Required action —
Please copy exactly the part of the records below that opens with the line containing "Asinhronski stroj/1(ro) ->" and closes with the line containing "Iqlim : Outport", leaving out any pictures.

Input records —

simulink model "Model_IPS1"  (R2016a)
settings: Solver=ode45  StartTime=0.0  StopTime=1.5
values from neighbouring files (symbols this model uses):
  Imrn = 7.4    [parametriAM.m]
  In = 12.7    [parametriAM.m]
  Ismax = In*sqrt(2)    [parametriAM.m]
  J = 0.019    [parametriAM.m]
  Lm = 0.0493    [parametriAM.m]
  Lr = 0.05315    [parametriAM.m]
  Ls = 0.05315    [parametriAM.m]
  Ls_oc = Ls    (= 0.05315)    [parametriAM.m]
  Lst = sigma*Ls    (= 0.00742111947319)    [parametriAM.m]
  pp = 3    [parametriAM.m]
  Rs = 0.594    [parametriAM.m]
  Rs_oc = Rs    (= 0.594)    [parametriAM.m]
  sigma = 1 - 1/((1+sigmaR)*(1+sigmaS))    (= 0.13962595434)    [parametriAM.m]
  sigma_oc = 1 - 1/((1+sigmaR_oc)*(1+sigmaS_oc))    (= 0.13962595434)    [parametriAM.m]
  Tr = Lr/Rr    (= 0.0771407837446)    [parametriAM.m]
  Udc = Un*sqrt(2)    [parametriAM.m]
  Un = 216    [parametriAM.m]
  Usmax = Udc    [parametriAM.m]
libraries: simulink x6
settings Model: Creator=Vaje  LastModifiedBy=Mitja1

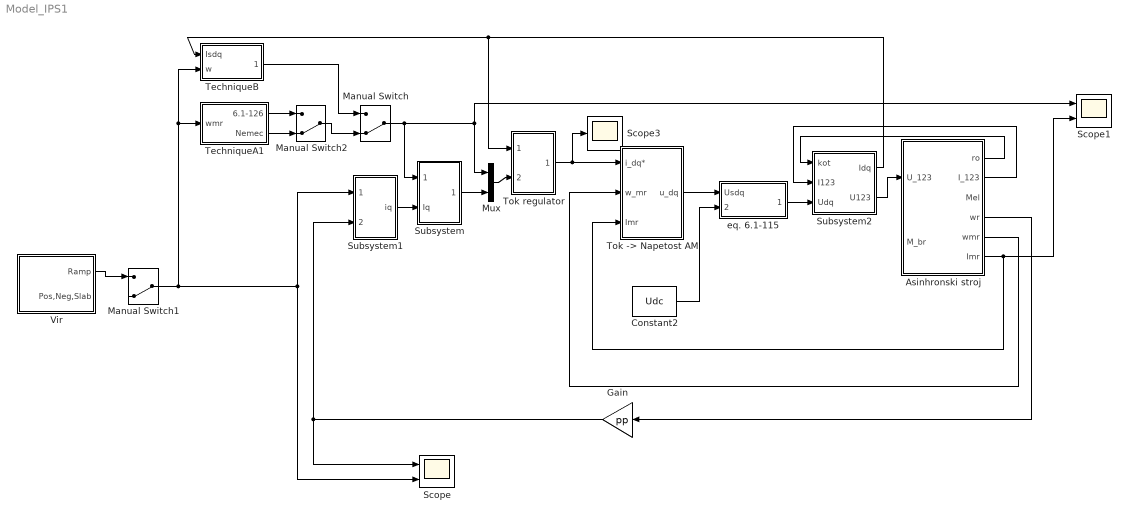
== system Model_IPS1 ==
  Asinhronski stroj : Subsystem  InitFcn=parametriAM
  Constant2 : Constant  Value=Udc
  Gain : Gain  Gain=pp
  Manual Switch : ManualSwitch  CurrentSetting=0
  Manual Switch1 : ManualSwitch  CurrentSetting=0
  Manual Switch2 : ManualSwitch  CurrentSetting=0
  Mux : Mux  Inputs=2
  Scope : Scope  NumInputPorts=2
  Scope1 : Scope  NumInputPorts=2
  Scope3 : Scope
  Subsystem : Subsystem
  Subsystem1 : Subsystem
  Subsystem2 : Subsystem
  TechniqueA1 : Subsystem
  TechniqueB : Subsystem
  "Tok -> Napetost AM" : Subsystem
  Tok regulator : Subsystem
  Vir : Subsystem
  eq. 6.1-115 : Subsystem
  wires:
  Constant2/1 -> eq. 6.1-115/2(Usmax)
  "Tok -> Napetost AM"/1(u_dq) -> eq. 6.1-115/1(Usdq)
  Asinhronski stroj/6(Imr) -> Scope1/2, "Tok -> Napetost AM"/3(Imr)
  Asinhronski stroj/5(wmr) -> "Tok -> Napetost AM"/2(w_mr)
  Tok regulator/1(Idq) -> Scope3/1, "Tok -> Napetost AM"/1(i_dq*)
  Gain/1 -> Scope/1, Subsystem1/2(wfdb)
  Subsystem1/1(iq) -> Subsystem/2(Iq)
  Asinhronski stroj/4(wr) -> Gain/1
  Manual Switch/1 -> Subsystem/1(Idref), Mux/1, Scope1/1
  Manual Switch1/1 -> TechniqueB/2(w), TechniqueA1/1(wmr), Subsystem1/1(wref), Scope/2
  Subsystem/1(Iqlim) -> Mux/2
  TechniqueA1/1(6.1-126) -> Manual Switch2/1
  TechniqueA1/2(Nemec) -> Manual Switch2/2
  Vir/1(Ramp) -> Manual Switch1/1
  Subsystem2/1(Idq) -> Tok regulator/1(Idqdej), TechniqueB/1(Isdq)
  Asinhronski stroj/1(ro) -> Subsystem2/1(kot)
  Asinhronski stroj/2(I_123) -> Subsystem2/2(I123)
  eq. 6.1-115/1(Usdqlim) -> Subsystem2/3(Udq)
  Subsystem2/2(U123) -> Asinhronski stroj/1(U_123)
  TechniqueB/1(6.1-135) -> Manual Switch/1
  Manual Switch2/1 -> Manual Switch/2
  Mux/1 -> Tok regulator/2(Idqref)

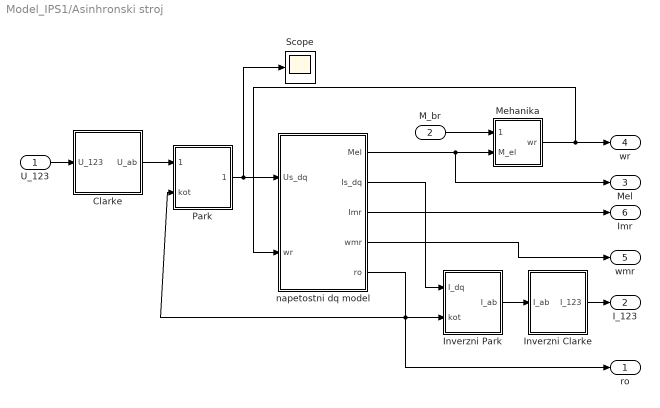
== system Model_IPS1/Asinhronski stroj ==
  U_123 : Inport
  M_br : Inport  Port=2
  Clarke : Subsystem
  Inverzni Clarke : Subsystem
  Inverzni Park : Subsystem
  Mehanika : Subsystem
  Park : Subsystem
  Scope : Scope
  napetostni dq model : Subsystem
  ro : Outport
  I_123 : Outport  Port=2
  Mel : Outport  Port=3
  wr : Outport  Port=4
  wmr : Outport  Port=5
  Imr : Outport  Port=6
  wires:
  Inverzni Park/1(I_ab) -> Inverzni Clarke/1(I_ab)
  Clarke/1(U_ab) -> Park/1(U_ab)
  Mehanika/1(wr) -> napetostni dq model/2(wr), wr/1
  M_br/1 -> Mehanika/1(M_br)
  napetostni dq model/1(Mel) -> Mel/1, Mehanika/2(M_el)
  Inverzni Clarke/1(I_123) -> I_123/1
  napetostni dq model/4(wmr) -> wmr/1
  napetostni dq model/3(Imr) -> Imr/1
  U_123/1 -> Clarke/1(U_123)
  napetostni dq model/2(Is_dq) -> Inverzni Park/1(I_dq)
  napetostni dq model/5(ro) -> ro/1, Park/2(kot), Inverzni Park/2(kot)
  Park/1(U_dq) -> Scope/1, napetostni dq model/1(Us_dq)

== system Model_IPS1/Subsystem ==
  Idref : Inport
  Iq : Inport  Port=2
  Add1 : Sum  Inputs=-+
  Constant : Constant  Value=In*sqrt(2)
  Gain1 : Gain  Gain=-1
  Product : Product
  Product1 : Product
  Saturation Dynamic : simulink/Discontinuities/Saturation Dynamic  OutMin=[]  OutMax=[]  OutDataTypeStr=Inherit: Same as second input  OutDataType=fixdt(1, 16)  OutScaling=2^-10  DoSatur=off
  Sqrt : Sqrt  SaturateOnIntegerOverflow=on
  Iqlim : Outport
  wires:
  Constant/1 -> Product/1, Product/2
  Sqrt/1 -> Gain1/1, Saturation Dynamic/1
  Product1/1 -> Add1/1
  Gain1/1 -> Saturation Dynamic/3
  Add1/1 -> Sqrt/1
  Iq/1 -> Saturation Dynamic/2
  Idref/1 -> Product1/2, Product1/1
  Saturation Dynamic/1 -> Iqlim/1
  Product/1 -> Add1/2

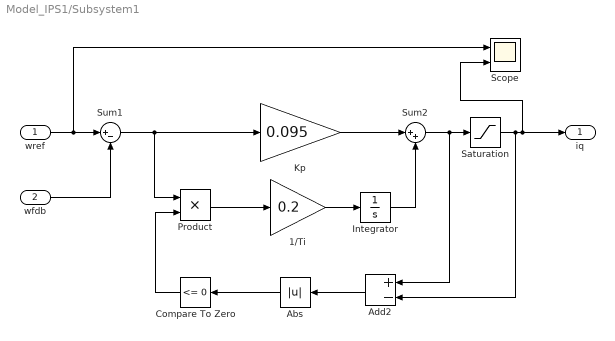
== system Model_IPS1/Subsystem1 ==
  wref : Inport
  wfdb : Inport  Port=2
  1/Ti : Gain  Gain=0.2  SaturateOnIntegerOverflow=on  OutDataTypeStr=Inherit: Same as input  ParamDataTypeStr=Inherit: Same as input
  Abs : Abs
  Add2 : Sum  Inputs=+-
  Compare To Zero : simulink/Logic and Bit Operations/Compare To Zero  relop=<=  OutDataTypeStr=boolean
  Integrator : Integrator
  Kp : Gain  Gain=0.095  SaturateOnIntegerOverflow=on  OutDataTypeStr=Inherit: Same as input  ParamDataTypeStr=Inherit: Same as input
  Product : Product
  Saturation : Saturate  UpperLimit=In*3  LowerLimit=-3*In
  Scope : Scope  NumInputPorts=2
  Sum1 : Sum  Inputs=|+-
  Sum2 : Sum  Inputs=|++
  iq : Outport
  wires:
  1/Ti/1 -> Integrator/1
  Sum1/1 -> Product/1, Kp/1
  Integrator/1 -> Sum2/2
  Sum2/1 -> Add2/1, Saturation/1
  Add2/1 -> Abs/1
  Saturation/1 -> Add2/2, Scope/2, iq/1
  Abs/1 -> Compare To Zero/1
  Kp/1 -> Sum2/1
  Compare To Zero/1 -> Product/2
  Product/1 -> 1/Ti/1
  wref/1 -> Scope/1, Sum1/1
  wfdb/1 -> Sum1/2

== system Model_IPS1/Subsystem2 ==
  kot : Inport
  I123 : Inport  Port=2
  Udq : Inport  Port=3
  Clarke : Subsystem
  Inverzni Clarke : Subsystem
  Inverzni Park : Subsystem
  Park : Subsystem
  Idq : Outport
  U123 : Outport  Port=2
  wires:
  Inverzni Clarke/1(U_123) -> U123/1
  Park/1(I_dq) -> Idq/1
  kot/1 -> Park/2(kot), Inverzni Park/1(kot)
  Clarke/1(I_ab) -> Park/1(I_ab)
  Inverzni Park/1(U_ab) -> Inverzni Clarke/1(U_ab)
  Udq/1 -> Inverzni Park/2(U_dq)
  I123/1 -> Clarke/1(I_123)

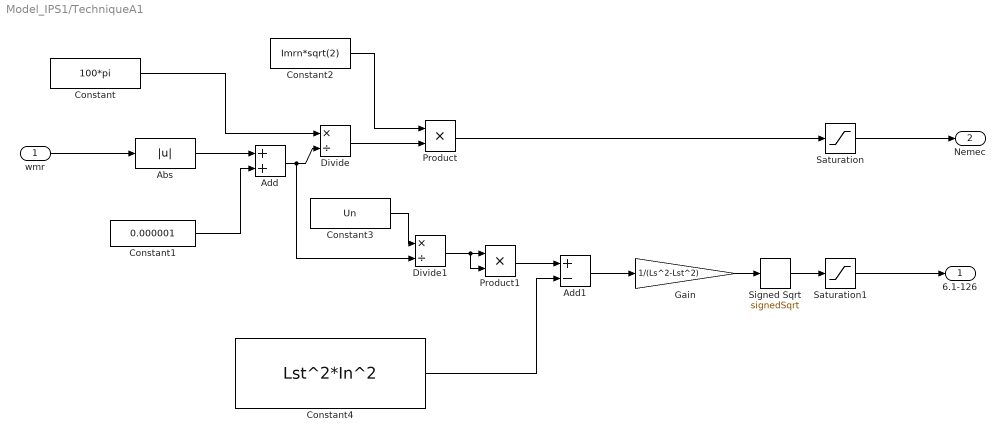
== system Model_IPS1/TechniqueA1 ==
  wmr : Inport
  Abs : Abs
  Add : Sum
  Add1 : Sum  Inputs=+-
  Constant : Constant  Value=100*pi
  Constant1 : Constant  Value=0.000001
  Constant2 : Constant  Value=Imrn*sqrt(2)
  Constant3 : Constant  Value=Un
  Constant4 : Constant  Value=Lst^2*In^2
  Divide : Product  Inputs=*/
  Divide1 : Product  Inputs=*/
  Gain : Gain  Gain=1/(Ls^2-Lst^2)
  Product : Product
  Product1 : Product
  Saturation : Saturate  UpperLimit=+Imrn*sqrt(2)  LowerLimit=0
  Saturation1 : Saturate  UpperLimit=+Imrn*sqrt(2)  LowerLimit=0
  Signed Sqrt : Sqrt  Operator=signedSqrt  SaturateOnIntegerOverflow=on
  6.1-126 : Outport
  Nemec : Outport  Port=2
  wires:
  Constant2/1 -> Product/1
  wmr/1 -> Abs/1
  Divide/1 -> Product/2
  Product/1 -> Saturation/1
  Constant/1 -> Divide/1
  Add/1 -> Divide1/2, Divide/2
  Abs/1 -> Add/1
  Constant1/1 -> Add/2
  Saturation/1 -> Nemec/1
  Constant3/1 -> Divide1/1
  Divide1/1 -> Product1/2, Product1/1
  Product1/1 -> Add1/1
  Constant4/1 -> Add1/2
  Saturation1/1 -> 6.1-126/1
  Add1/1 -> Gain/1
  Gain/1 -> Signed Sqrt/1
  Signed Sqrt/1 -> Saturation1/1

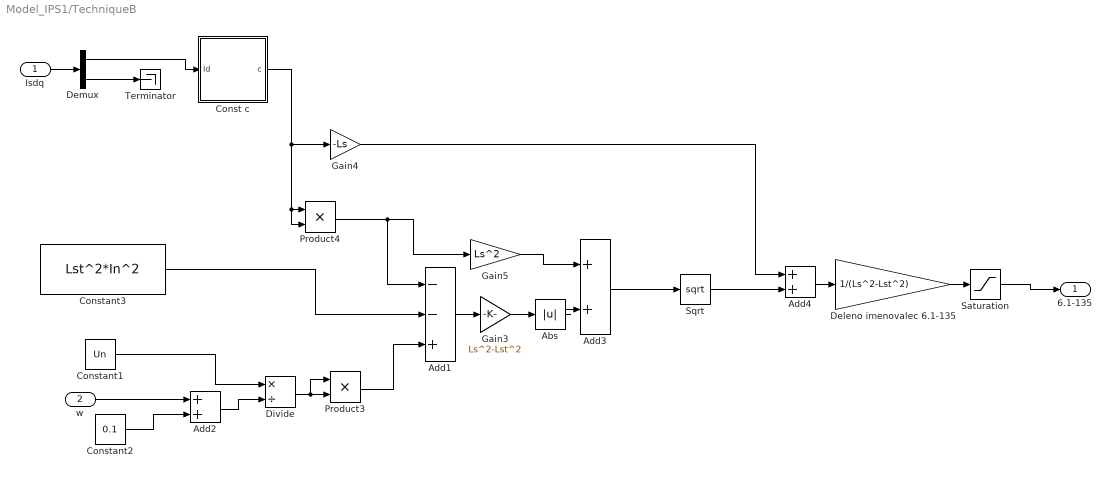
== system Model_IPS1/TechniqueB ==
  Isdq : Inport
  w : Inport  Port=2
  Abs : Abs
  Add1 : Sum  Inputs=--+
  Add2 : Sum
  Add3 : Sum
  Add4 : Sum
  Const c : Subsystem
  Constant1 : Constant  Value=Un
  Constant2 : Constant  Value=0.1
  Constant3 : Constant  Value=Lst^2*In^2
  Deleno imenovalec 6.1-135 : Gain  Gain=1/(Ls^2-Lst^2)
  Demux : Demux  Outputs=2
  Divide : Product  Inputs=*/
  Gain3 : Gain  Gain=Ls^2-Lst^2
  Gain4 : Gain  Gain=-Ls
  Gain5 : Gain  Gain=Ls^2
  Product3 : Product
  Product4 : Product
  Saturation : Saturate  UpperLimit=+Imrn*sqrt(2)  LowerLimit=0
  Sqrt : Sqrt  SaturateOnIntegerOverflow=on
  Terminator : Terminator
  6.1-135 : Outport
  wires:
  Isdq/1 -> Demux/1
  Constant1/1 -> Divide/1
  w/1 -> Add2/1
  Constant2/1 -> Add2/2
  Demux/1 -> Const c/1(Id)
  Demux/2 -> Terminator/1
  Saturation/1 -> 6.1-135/1
  Const c/1(c) -> Product4/2, Product4/1, Gain4/1
  Product4/1 -> Add1/1, Gain5/1
  Gain5/1 -> Add3/1
  Gain4/1 -> Add4/1
  Add4/1 -> Deleno imenovalec 6.1-135/1
  Deleno imenovalec 6.1-135/1 -> Saturation/1
  Add1/1 -> Gain3/1
  Constant3/1 -> Add1/2
  Add2/1 -> Divide/2
  Divide/1 -> Product3/1, Product3/2
  Product3/1 -> Add1/3
  Sqrt/1 -> Add4/2
  Gain3/1 -> Abs/1
  Add3/1 -> Sqrt/1
  Abs/1 -> Add3/2

== system Model_IPS1/Tok -> Napetost AM ==
  i_dq* : Inport
  w_mr : Inport  Port=2
  Imr : Inport  Port=3
  Mux : Mux  Inputs=2
  eq 5.146 : Subsystem
  eq 5.147 : Subsystem
  u_dq : Outport
  wires:
  i_dq*/1 -> eq 5.147/1(I_dq), eq 5.146/1(I_dq)
  Mux/1 -> u_dq/1
  w_mr/1 -> eq 5.147/2(w_mr), eq 5.146/2(w_mr)
  Imr/1 -> eq 5.146/3(Imr), eq 5.147/3(Imr)
  eq 5.147/1(u_q) -> Mux/2
  eq 5.146/1(u_d) -> Mux/1

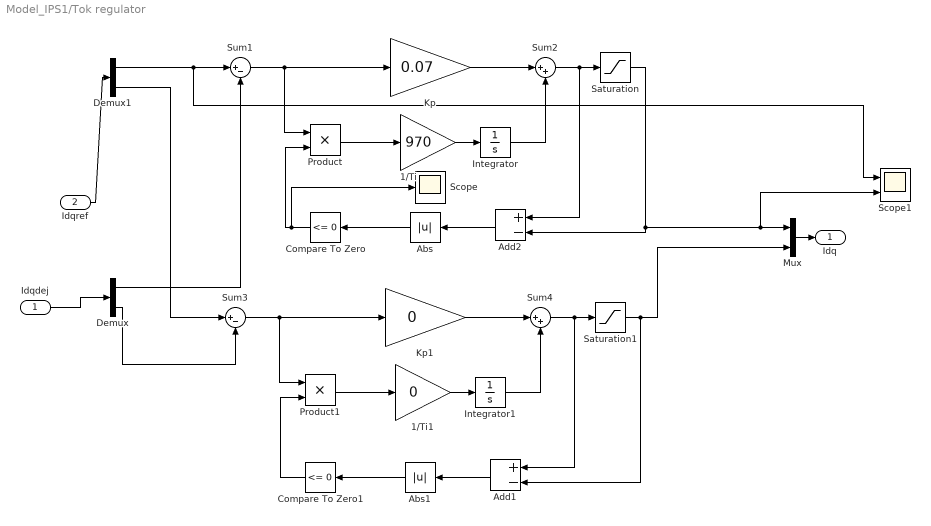
== system Model_IPS1/Tok regulator ==
  Idqdej : Inport
  Idqref : Inport  Port=2
  1/Ti : Gain  Gain=970  SaturateOnIntegerOverflow=on  OutDataTypeStr=Inherit: Same as input  ParamDataTypeStr=Inherit: Same as input
  1/Ti1 : Gain  Gain=0  SaturateOnIntegerOverflow=on  OutDataTypeStr=Inherit: Same as input  ParamDataTypeStr=Inherit: Same as input
  Abs : Abs  ZeroCross=off
  Abs1 : Abs
  Add1 : Sum  Inputs=+-
  Add2 : Sum  Inputs=+-
  Compare To Zero : simulink/Logic and Bit Operations/Compare To Zero  relop=<=  OutDataTypeStr=boolean  ZeroCross=off
  Compare To Zero1 : simulink/Logic and Bit Operations/Compare To Zero  relop=<=  OutDataTypeStr=boolean
  Demux : Demux  Outputs=2
  Demux1 : Demux  Outputs=2
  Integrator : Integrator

Result for this task —
  Asinhronski stroj/1(ro) -> Subsystem2/1(kot)
  Asinhronski stroj/2(I_123) -> Subsystem2/2(I123)
  eq. 6.1-115/1(Usdqlim) -> Subsystem2/3(Udq)
  Subsystem2/2(U123) -> Asinhronski stroj/1(U_123)
  TechniqueB/1(6.1-135) -> Manual Switch/1
  Manual Switch2/1 -> Manual Switch/2
  Mux/1 -> Tok regulator/2(Idqref)

== system Model_IPS1/Asinhronski stroj ==
  U_123 : Inport
  M_br : Inport  Port=2
  Clarke : Subsystem
  Inverzni Clarke : Subsystem
  Inverzni Park : Subsystem
  Mehanika : Subsystem
  Park : Subsystem
  Scope : Scope
  napetostni dq model : Subsystem
  ro : Outport
  I_123 : Outport  Port=2
  Mel : Outport  Port=3
  wr : Outport  Port=4
  wmr : Outport  Port=5
  Imr : Outport  Port=6
  wires:
  Inverzni Park/1(I_ab) -> Inverzni Clarke/1(I_ab)
  Clarke/1(U_ab) -> Park/1(U_ab)
  Mehanika/1(wr) -> napetostni dq model/2(wr), wr/1
  M_br/1 -> Mehanika/1(M_br)
  napetostni dq model/1(Mel) -> Mel/1, Mehanika/2(M_el)
  Inverzni Clarke/1(I_123) -> I_123/1
  napetostni dq model/4(wmr) -> wmr/1
  napetostni dq model/3(Imr) -> Imr/1
  U_123/1 -> Clarke/1(U_123)
  napetostni dq model/2(Is_dq) -> Inverzni Park/1(I_dq)
  napetostni dq model/5(ro) -> ro/1, Park/2(kot), Inverzni Park/2(kot)
  Park/1(U_dq) -> Scope/1, napetostni dq model/1(Us_dq)

== system Model_IPS1/Subsystem ==
  Idref : Inport
  Iq : Inport  Port=2
  Add1 : Sum  Inputs=-+
  Constant : Constant  Value=In*sqrt(2)
  Gain1 : Gain  Gain=-1
  Product : Product
  Product1 : Product
  Saturation Dynamic : simulink/Discontinuities/Saturation Dynamic  OutMin=[]  OutMax=[]  OutDataTypeStr=Inherit: Same as second input  OutDataType=fixdt(1, 16)  OutScaling=2^-10  DoSatur=off
  Sqrt : Sqrt  SaturateOnIntegerOverflow=on
  Iqlim : Outport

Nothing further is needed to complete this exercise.